Aún no ha habido reacción por parte de la FDA o los responsables europeos -que siempre han negado esa relación- pero el Center for Science in the Public Interest -importante organización sin ánimo de lucro destinada al control de la alimentación y los aditivos en Estados Unidos- ha pasado el aspartamo de la categoría de Úsese con precaución a la de Debe evitarse.
Pocos productos relacionados con la alimentación han estado sometidos a tanta polémica como el aspartamo, aditivo internacionalmente conocido como E-951. Desde su descubrimiento de forma casual en 1965 -cuando la empresa norteamericana G.D. Searle & Co se encontró con él mientras buscaba un medicamento contra la úlcera- ha sido centro de numerosas controversias científicas y luchas de poder -político y económico- capaces de provocar un justificado escepticismo sobre el papel real de las autoridades reguladoras responsables de velar por la seguridad de los alimentos.
El aspartamo es hoy, tras la sacarina, el segundo edulcorante artificial más usado en el mundo -sólo en Estados Unidos se consumen más de 8.000 toneladas al año- aunque en términos de consumo mundial representa el 62% del mercado.
Según estimó en el 2005 el Centro de Información sobre el Aspartamo lo consumen habitualmente más de 200 millones de personas. De hecho se encuentra en ¡más de 6.000 productos! incluyendo bebidas no alcohólicas carbónicas, chocolates, chicles, caramelos, postres, yogures y productos farmacéuticos como los jarabes para la tos sin azúcar. Aunque su importancia viene dada sobre todo por su presencia en las denominadas bebidas light.
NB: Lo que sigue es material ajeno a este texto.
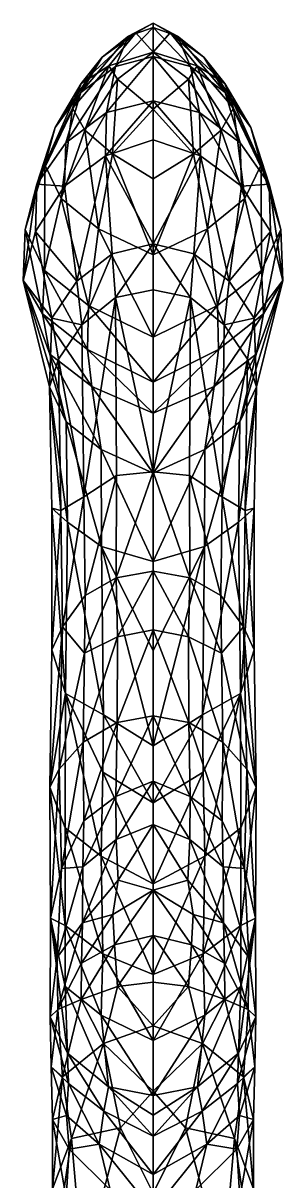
# Model space of a CAD drawing. Extents: x -0.28 to 0.28, y -0.95 to 1.21.
# Drawn here: x -0.0363 to 0.0363, y 0.8874 to 1.2116 of the extents above; entities that cross this region are included whole.
import ezdxf

# ---------------------------------------------------------------- set-up
doc = ezdxf.new("R2010")
doc.units = 0
doc.layers.add('TIGER_S$LWO', color=1, linetype='CONTINUOUS')

msp = doc.modelspace()

# ---------------------------------------------------------------- linework, layer by layer
at = {"layer": 'TIGER_S$LWO'}
for points in [[(-0.00684, 1.20797, 0.1736), (-0.01052, 1.19944, 0.21366), (0, 1.21032, 0.17492)], [(-0.01052, 1.19944, 0.21366), (0, 1.20224, 0.21502), (0, 1.21032, 0.17492)], [(-0.00476, 1.20882, 0.14095), (-0.00684, 1.20797, 0.1736), (0, 1.21157, 0.14242)], [(-0.00684, 1.20797, 0.1736), (0, 1.21032, 0.17492), (0, 1.21157, 0.14242)], [(0, 1.20348, 0.12516), (-0.00476, 1.20882, 0.14095), (0, 1.21157, 0.14242)], [(0.00476, 1.20882, 0.14095), (0, 1.20348, 0.12516), (0, 1.21157, 0.14242)], [(0.00684, 1.20797, 0.1736), (0.00476, 1.20882, 0.14095), (0, 1.21157, 0.14242)], [(0, 1.21032, 0.17492), (0.00684, 1.20797, 0.1736), (0, 1.21157, 0.14242)], [(0.01052, 1.19944, 0.21366), (0.00684, 1.20797, 0.1736), (0, 1.21032, 0.17492)], [(0, 1.20224, 0.21502), (0.01052, 1.19944, 0.21366), (0, 1.21032, 0.17492)], [(-0.0142, 1.20205, 0.17053), (-0.02018, 1.19214, 0.21029), (-0.00684, 1.20797, 0.1736)], [(-0.02018, 1.19214, 0.21029), (-0.01052, 1.19944, 0.21366), (-0.00684, 1.20797, 0.1736)], [(-0.01233, 1.19959, 0.13571), (-0.02009, 1.19463, 0.16664), (-0.00476, 1.20882, 0.14095)], [(-0.02009, 1.19463, 0.16664), (-0.0142, 1.20205, 0.17053), (-0.00476, 1.20882, 0.14095)], [(-0.0142, 1.20205, 0.17053), (-0.00684, 1.20797, 0.1736), (-0.00476, 1.20882, 0.14095)], [(0, 1.20348, 0.12516), (-0.01233, 1.19959, 0.13571), (-0.00476, 1.20882, 0.14095)], [(0.01233, 1.19959, 0.13571), (0, 1.20348, 0.12516), (0.00476, 1.20882, 0.14095)], [(0.00684, 1.20797, 0.1736), (0.0142, 1.20205, 0.17053), (0.00476, 1.20882, 0.14095)], [(0.02009, 1.19463, 0.16664), (0.01233, 1.19959, 0.13571), (0.00476, 1.20882, 0.14095)], [(0.0142, 1.20205, 0.17053), (0.02009, 1.19463, 0.16664), (0.00476, 1.20882, 0.14095)], [(0.02018, 1.19214, 0.21029), (0.0142, 1.20205, 0.17053), (0.00684, 1.20797, 0.1736)], [(0.01052, 1.19944, 0.21366), (0.02018, 1.19214, 0.21029), (0.00684, 1.20797, 0.1736)], [(0, 1.20348, 0.12516), (-0.00996, 1.19593, 0.13337), (-0.01233, 1.19959, 0.13571)], [(0, 1.20348, 0.12516), (0, 1.18748, 0.12743), (-0.00996, 1.19593, 0.13337)], [(0.00996, 1.19593, 0.13337), (0, 1.20348, 0.12516), (0.01233, 1.19959, 0.13571)], [(0, 1.18748, 0.12743), (0, 1.20348, 0.12516), (0.00996, 1.19593, 0.13337)], [(-0.02009, 1.19463, 0.16664), (-0.02731, 1.18231, 0.20534), (-0.0142, 1.20205, 0.17053)], [(-0.02731, 1.18231, 0.20534), (-0.02018, 1.19214, 0.21029), (-0.0142, 1.20205, 0.17053)], [(-0.02018, 1.19214, 0.21029), (-0.02434, 1.17806, 0.25111), (-0.01052, 1.19944, 0.21366)], [(-0.02434, 1.17806, 0.25111), (-0.013, 1.18654, 0.2541), (-0.01052, 1.19944, 0.21366)], [(-0.0225, 1.18781, 0.16282), (-0.02009, 1.19463, 0.16664), (-0.01233, 1.19959, 0.13571)], [(-0.01904, 1.18163, 0.15792), (-0.0225, 1.18781, 0.16282), (-0.01233, 1.19959, 0.13571)], [(-0.00996, 1.19593, 0.13337), (-0.01904, 1.18163, 0.15792), (-0.01233, 1.19959, 0.13571)], [(-0.01052, 1.19944, 0.21366), (-0.013, 1.18654, 0.2541), (0, 1.20224, 0.21502)], [(-0.013, 1.18654, 0.2541), (0, 1.18983, 0.25504), (0, 1.20224, 0.21502)], [(0.013, 1.18654, 0.2541), (0.01052, 1.19944, 0.21366), (0, 1.20224, 0.21502)], [(0, 1.18983, 0.25504), (0.013, 1.18654, 0.2541), (0, 1.20224, 0.21502)], [(0.01904, 1.18163, 0.15792), (0.00996, 1.19593, 0.13337), (0.01233, 1.19959, 0.13571)], [(0.02434, 1.17806, 0.25111), (0.02018, 1.19214, 0.21029), (0.01052, 1.19944, 0.21366)], [(0.013, 1.18654, 0.2541), (0.02434, 1.17806, 0.25111), (0.01052, 1.19944, 0.21366)], [(0.02009, 1.19463, 0.16664), (0.0225, 1.18781, 0.16282), (0.01233, 1.19959, 0.13571)], [(0.0225, 1.18781, 0.16282), (0.01904, 1.18163, 0.15792), (0.01233, 1.19959, 0.13571)], [(0.02731, 1.18231, 0.20534), (0.02009, 1.19463, 0.16664), (0.0142, 1.20205, 0.17053)], [(0.02018, 1.19214, 0.21029), (0.02731, 1.18231, 0.20534), (0.0142, 1.20205, 0.17053)], [(-0.0225, 1.18781, 0.16282), (-0.03023, 1.17189, 0.19927), (-0.02009, 1.19463, 0.16664)], [(-0.03023, 1.17189, 0.19927), (-0.02731, 1.18231, 0.20534), (-0.02009, 1.19463, 0.16664)], [(-0.0113, 1.17497, 0.152), (-0.01904, 1.18163, 0.15792), (-0.00996, 1.19593, 0.13337)], [(-0.00996, 1.19593, 0.13337), (0, 1.18748, 0.12743), (-0.0113, 1.17497, 0.152)], [(0, 1.18748, 0.12743), (0.00996, 1.19593, 0.13337), (0.0113, 1.17497, 0.152)], [(0.01904, 1.18163, 0.15792), (0.0113, 1.17497, 0.152), (0.00996, 1.19593, 0.13337)], [(0.03023, 1.17189, 0.19927), (0.0225, 1.18781, 0.16282), (0.02009, 1.19463, 0.16664)], [(0.02731, 1.18231, 0.20534), (0.03023, 1.17189, 0.19927), (0.02009, 1.19463, 0.16664)], [(-0.02731, 1.18231, 0.20534), (-0.03244, 1.16647, 0.24582), (-0.02018, 1.19214, 0.21029)], [(-0.03244, 1.16647, 0.24582), (-0.02434, 1.17806, 0.25111), (-0.02018, 1.19214, 0.21029)], [(-0.013, 1.18654, 0.2541), (-0.01331, 1.17438, 0.27733), (0, 1.18983, 0.25504)], [(0, 1.17891, 0.2762), (0, 1.18983, 0.25504), (-0.01331, 1.17438, 0.27733)], [(0.01331, 1.17438, 0.27733), (0.013, 1.18654, 0.2541), (0, 1.18983, 0.25504)], [(0, 1.18983, 0.25504), (0, 1.17891, 0.2762), (0.01331, 1.17438, 0.27733)], [(0.03244, 1.16647, 0.24582), (0.02731, 1.18231, 0.20534), (0.02018, 1.19214, 0.21029)], [(0.02434, 1.17806, 0.25111), (0.03244, 1.16647, 0.24582), (0.02018, 1.19214, 0.21029)], [(-0.02565, 1.16248, 0.19133), (-0.03023, 1.17189, 0.19927), (-0.0225, 1.18781, 0.16282)], [(-0.01904, 1.18163, 0.15792), (-0.02565, 1.16248, 0.19133), (-0.0225, 1.18781, 0.16282)], [(-0.02434, 1.17806, 0.25111), (-0.02472, 1.16591, 0.27452), (-0.013, 1.18654, 0.2541)], [(-0.01331, 1.17438, 0.27733), (-0.013, 1.18654, 0.2541), (-0.02472, 1.16591, 0.27452)], [(0, 1.16798, 0.14436), (-0.0113, 1.17497, 0.152), (0, 1.18748, 0.12743)], [(0.0113, 1.17497, 0.152), (0, 1.16798, 0.14436), (0, 1.18748, 0.12743)], [(0.02472, 1.16591, 0.27452), (0.02434, 1.17806, 0.25111), (0.013, 1.18654, 0.2541)], [(0.013, 1.18654, 0.2541), (0.01331, 1.17438, 0.27733), (0.02472, 1.16591, 0.27452)], [(0.02565, 1.16248, 0.19133), (0.01904, 1.18163, 0.15792), (0.0225, 1.18781, 0.16282)], [(0.03023, 1.17189, 0.19927), (0.02565, 1.16248, 0.19133), (0.0225, 1.18781, 0.16282)], [(-0.03023, 1.17189, 0.19927), (-0.03572, 1.15384, 0.238), (-0.02731, 1.18231, 0.20534)], [(-0.03572, 1.15384, 0.238), (-0.03244, 1.16647, 0.24582), (-0.02731, 1.18231, 0.20534)], [(-0.01524, 1.15396, 0.18257), (-0.02565, 1.16248, 0.19133), (-0.01904, 1.18163, 0.15792)], [(-0.0113, 1.17497, 0.152), (-0.01524, 1.15396, 0.18257), (-0.01904, 1.18163, 0.15792)], [(0.01524, 1.15396, 0.18257), (0.0113, 1.17497, 0.152), (0.01904, 1.18163, 0.15792)], [(0.02565, 1.16248, 0.19133), (0.01524, 1.15396, 0.18257), (0.01904, 1.18163, 0.15792)], [(0.03572, 1.15384, 0.238), (0.03023, 1.17189, 0.19927), (0.02731, 1.18231, 0.20534)], [(0.03244, 1.16647, 0.24582), (0.03572, 1.15384, 0.238), (0.02731, 1.18231, 0.20534)], [(-0.02472, 1.16591, 0.27452), (-0.02434, 1.17806, 0.25111), (-0.03244, 1.16647, 0.24582)], [(0, 1.14983, 0.31326), (0, 1.17891, 0.2762), (-0.01331, 1.17438, 0.27733)], [(0, 1.17891, 0.2762), (0, 1.14983, 0.31326), (0.01331, 1.17438, 0.27733)], [(0.02434, 1.17806, 0.25111), (0.02472, 1.16591, 0.27452), (0.03244, 1.16647, 0.24582)], [(-0.02472, 1.16591, 0.27452), (-0.02129, 1.13932, 0.31105), (-0.01331, 1.17438, 0.27733)], [(-0.01142, 1.14698, 0.31243), (-0.01331, 1.17438, 0.27733), (-0.02129, 1.13932, 0.31105)], [(0, 1.14666, 0.17074), (-0.01524, 1.15396, 0.18257), (-0.0113, 1.17497, 0.152)], [(-0.01331, 1.17438, 0.27733), (-0.01142, 1.14698, 0.31243), (0, 1.14983, 0.31326)], [(0, 1.16798, 0.14436), (0, 1.14666, 0.17074), (-0.0113, 1.17497, 0.152)], [(0, 1.14666, 0.17074), (0, 1.16798, 0.14436), (0.0113, 1.17497, 0.152)], [(0.01524, 1.15396, 0.18257), (0, 1.14666, 0.17074), (0.0113, 1.17497, 0.152)], [(0.01142, 1.14698, 0.31243), (0.01331, 1.17438, 0.27733), (0, 1.14983, 0.31326)], [(0.01331, 1.17438, 0.27733), (0.01142, 1.14698, 0.31243), (0.02129, 1.13932, 0.31105)], [(0.02129, 1.13932, 0.31105), (0.02472, 1.16591, 0.27452), (0.01331, 1.17438, 0.27733)], [(-0.03032, 1.14231, 0.22794), (-0.03572, 1.15384, 0.238), (-0.03023, 1.17189, 0.19927)], [(-0.02565, 1.16248, 0.19133), (-0.03032, 1.14231, 0.22794), (-0.03023, 1.17189, 0.19927)], [(0.03032, 1.14231, 0.22794), (0.02565, 1.16248, 0.19133), (0.03023, 1.17189, 0.19927)], [(0.03572, 1.15384, 0.238), (0.03032, 1.14231, 0.22794), (0.03023, 1.17189, 0.19927)], [(-0.03572, 1.15384, 0.238), (-0.03626, 1.13955, 0.2648), (-0.03244, 1.16647, 0.24582)], [(-0.03286, 1.15328, 0.27121), (-0.03244, 1.16647, 0.24582), (-0.03626, 1.13955, 0.2648)], [(-0.03286, 1.15328, 0.27121), (-0.02472, 1.16591, 0.27452), (-0.03244, 1.16647, 0.24582)], [(-0.02129, 1.13932, 0.31105), (-0.02472, 1.16591, 0.27452), (-0.03286, 1.15328, 0.27121)], [(0.02472, 1.16591, 0.27452), (0.02129, 1.13932, 0.31105), (0.03286, 1.15328, 0.27121)], [(0.02472, 1.16591, 0.27452), (0.03286, 1.15328, 0.27121), (0.03244, 1.16647, 0.24582)], [(0.03626, 1.13955, 0.2648), (0.03572, 1.15384, 0.238), (0.03244, 1.16647, 0.24582)], [(0.03244, 1.16647, 0.24582), (0.03286, 1.15328, 0.27121), (0.03626, 1.13955, 0.2648)], [(-0.01802, 1.13249, 0.21727), (-0.03032, 1.14231, 0.22794), (-0.02565, 1.16248, 0.19133)], [(-0.01524, 1.15396, 0.18257), (-0.01802, 1.13249, 0.21727), (-0.02565, 1.16248, 0.19133)], [(0.01802, 1.13249, 0.21727), (0.01524, 1.15396, 0.18257), (0.02565, 1.16248, 0.19133)], [(0.03032, 1.14231, 0.22794), (0.01802, 1.13249, 0.21727), (0.02565, 1.16248, 0.19133)], [(0, 1.12364, 0.20424), (-0.01802, 1.13249, 0.21727), (-0.01524, 1.15396, 0.18257)], [(0, 1.14666, 0.17074), (0, 1.12364, 0.20424), (-0.01524, 1.15396, 0.18257)], [(0, 1.12364, 0.20424), (0, 1.14666, 0.17074), (0.01524, 1.15396, 0.18257)], [(0.01802, 1.13249, 0.21727), (0, 1.12364, 0.20424), (0.01524, 1.15396, 0.18257)], [(-0.03626, 1.13955, 0.2648), (-0.03572, 1.15384, 0.238), (-0.03083, 1.13021, 0.25091)], [(-0.02823, 1.12898, 0.30813), (-0.03286, 1.15328, 0.27121), (-0.03626, 1.13955, 0.2648)], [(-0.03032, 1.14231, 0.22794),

Para los organismos reguladores está demostrada de forma suficiente su seguridad; tanto para la FDA -la agencia que controla los alimentos y fármacos en Estados Unidos- como para el Comité Científico para la Alimentación de la Agencia de Seguridad Alimentaria de la Unión Europea. Y para muchos con eso es suficiente. Las empresas que lo usan, ante cualquier cuestionamiento sobre su seguridad, se refugian en lo obvio: “El E-951 está aprobado por las autoridades competentes ante quienes ha demostrado su seguridad”.

Y, sin embargo, ex funcionarios de la propia FDA -el primer organismo que dio su aprobación-, organizaciones de consumidores, médicos e investigadores independientes lo relacionan desde hace años con gran número de síntomas y patologías considerándolo un neurotóxico capaz de provocar cuando se ingiere o acumula en cantidades importantes comportamientos agresivos, desorientación, hiperactividad, entumecimiento de las extremidades, excitabilidad, pérdida de memoria, debilitamiento de la vista con pérdida de la percepción de profundidad, disfunciones hepáticas, oscilaciones severas de humor, degeneración neurológica y cáncer.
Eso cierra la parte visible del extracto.